YOUR OBJECTIVE — Though the entries hold pictures, only their text should be duplicated, exactly and in full.
━━ INPUT DATA ━━
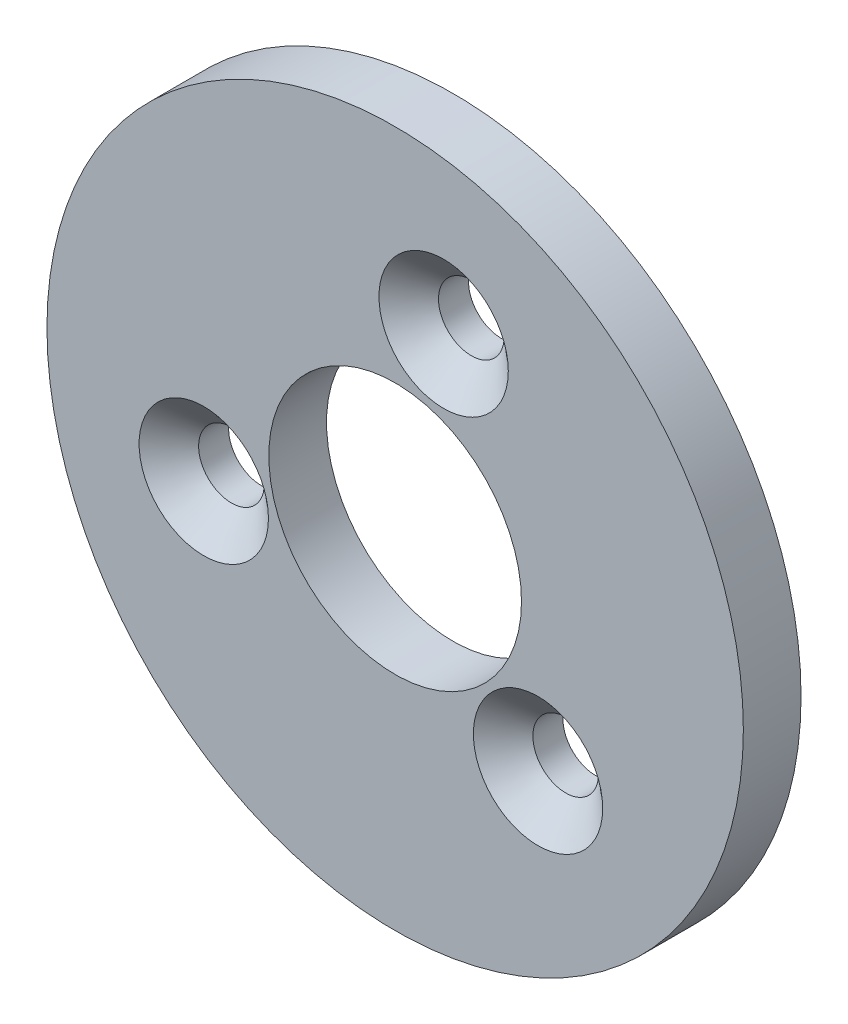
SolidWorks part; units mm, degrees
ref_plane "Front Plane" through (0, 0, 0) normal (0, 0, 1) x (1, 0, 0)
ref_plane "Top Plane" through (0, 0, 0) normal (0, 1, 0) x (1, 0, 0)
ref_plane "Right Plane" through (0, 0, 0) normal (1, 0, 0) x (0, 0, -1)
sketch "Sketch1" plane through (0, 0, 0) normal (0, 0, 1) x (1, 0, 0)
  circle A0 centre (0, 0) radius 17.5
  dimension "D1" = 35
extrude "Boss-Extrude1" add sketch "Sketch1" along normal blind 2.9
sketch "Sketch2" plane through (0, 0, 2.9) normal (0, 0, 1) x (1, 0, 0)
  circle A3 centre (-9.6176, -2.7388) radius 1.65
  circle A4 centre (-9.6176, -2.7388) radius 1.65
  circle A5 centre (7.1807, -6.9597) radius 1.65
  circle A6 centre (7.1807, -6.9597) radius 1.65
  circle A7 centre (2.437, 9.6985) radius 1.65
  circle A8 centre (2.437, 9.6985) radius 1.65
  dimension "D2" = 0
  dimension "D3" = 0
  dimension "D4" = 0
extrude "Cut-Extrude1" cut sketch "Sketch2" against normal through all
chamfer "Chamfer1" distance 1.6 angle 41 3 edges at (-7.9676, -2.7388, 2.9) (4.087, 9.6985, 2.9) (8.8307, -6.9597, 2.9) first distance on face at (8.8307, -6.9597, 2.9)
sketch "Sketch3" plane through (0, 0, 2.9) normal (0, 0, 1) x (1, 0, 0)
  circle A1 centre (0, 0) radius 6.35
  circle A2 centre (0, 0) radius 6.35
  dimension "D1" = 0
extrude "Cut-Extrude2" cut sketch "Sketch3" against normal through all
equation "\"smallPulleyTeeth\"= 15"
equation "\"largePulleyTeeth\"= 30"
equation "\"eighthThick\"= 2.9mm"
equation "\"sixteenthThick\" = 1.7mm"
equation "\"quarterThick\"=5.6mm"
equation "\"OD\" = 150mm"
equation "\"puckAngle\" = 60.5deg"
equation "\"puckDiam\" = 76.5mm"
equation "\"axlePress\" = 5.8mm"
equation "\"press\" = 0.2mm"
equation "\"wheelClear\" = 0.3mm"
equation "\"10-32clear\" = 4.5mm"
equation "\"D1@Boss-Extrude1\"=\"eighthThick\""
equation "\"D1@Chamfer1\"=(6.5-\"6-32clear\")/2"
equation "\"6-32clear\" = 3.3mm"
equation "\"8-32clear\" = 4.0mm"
━━━
YOUR RESPONSE —
SolidWorks part; units mm, degrees
ref_plane "Front Plane" through (0, 0, 0) normal (0, 0, 1) x (1, 0, 0)
ref_plane "Top Plane" through (0, 0, 0) normal (0, 1, 0) x (1, 0, 0)
ref_plane "Right Plane" through (0, 0, 0) normal (1, 0, 0) x (0, 0, -1)
sketch "Sketch1" plane through (0, 0, 0) normal (0, 0, 1) x (1, 0, 0)
  circle A0 centre (0, 0) radius 17.5
  dimension "D1" = 35
extrude "Boss-Extrude1" add sketch "Sketch1" along normal blind 2.9
sketch "Sketch2" plane through (0, 0, 2.9) normal (0, 0, 1) x (1, 0, 0)
  circle A3 centre (-9.6176, -2.7388) radius 1.65
  circle A4 centre (-9.6176, -2.7388) radius 1.65
  circle A5 centre (7.1807, -6.9597) radius 1.65
  circle A6 centre (7.1807, -6.9597) radius 1.65
  circle A7 centre (2.437, 9.6985) radius 1.65
  circle A8 centre (2.437, 9.6985) radius 1.65
  dimension "D2" = 0
  dimension "D3" = 0
  dimension "D4" = 0
extrude "Cut-Extrude1" cut sketch "Sketch2" against normal through all
chamfer "Chamfer1" distance 1.6 angle 41 3 edges at (-7.9676, -2.7388, 2.9) (4.087, 9.6985, 2.9) (8.8307, -6.9597, 2.9) first distance on face at (8.8307, -6.9597, 2.9)
sketch "Sketch3" plane through (0, 0, 2.9) normal (0, 0, 1) x (1, 0, 0)
  circle A1 centre (0, 0) radius 6.35
  circle A2 centre (0, 0) radius 6.35
  dimension "D1" = 0
extrude "Cut-Extrude2" cut sketch "Sketch3" against normal through all
equation "\"smallPulleyTeeth\"= 15"
equation "\"largePulleyTeeth\"= 30"
equation "\"eighthThick\"= 2.9mm"
equation "\"sixteenthThick\" = 1.7mm"
equation "\"quarterThick\"=5.6mm"
equation "\"OD\" = 150mm"
equation "\"puckAngle\" = 60.5deg"
equation "\"puckDiam\" = 76.5mm"
equation "\"axlePress\" = 5.8mm"
equation "\"press\" = 0.2mm"
equation "\"wheelClear\" = 0.3mm"
equation "\"10-32clear\" = 4.5mm"
equation "\"D1@Boss-Extrude1\"=\"eighthThick\""
equation "\"D1@Chamfer1\"=(6.5-\"6-32clear\")/2"
equation "\"6-32clear\" = 3.3mm"
equation "\"8-32clear\" = 4.0mm"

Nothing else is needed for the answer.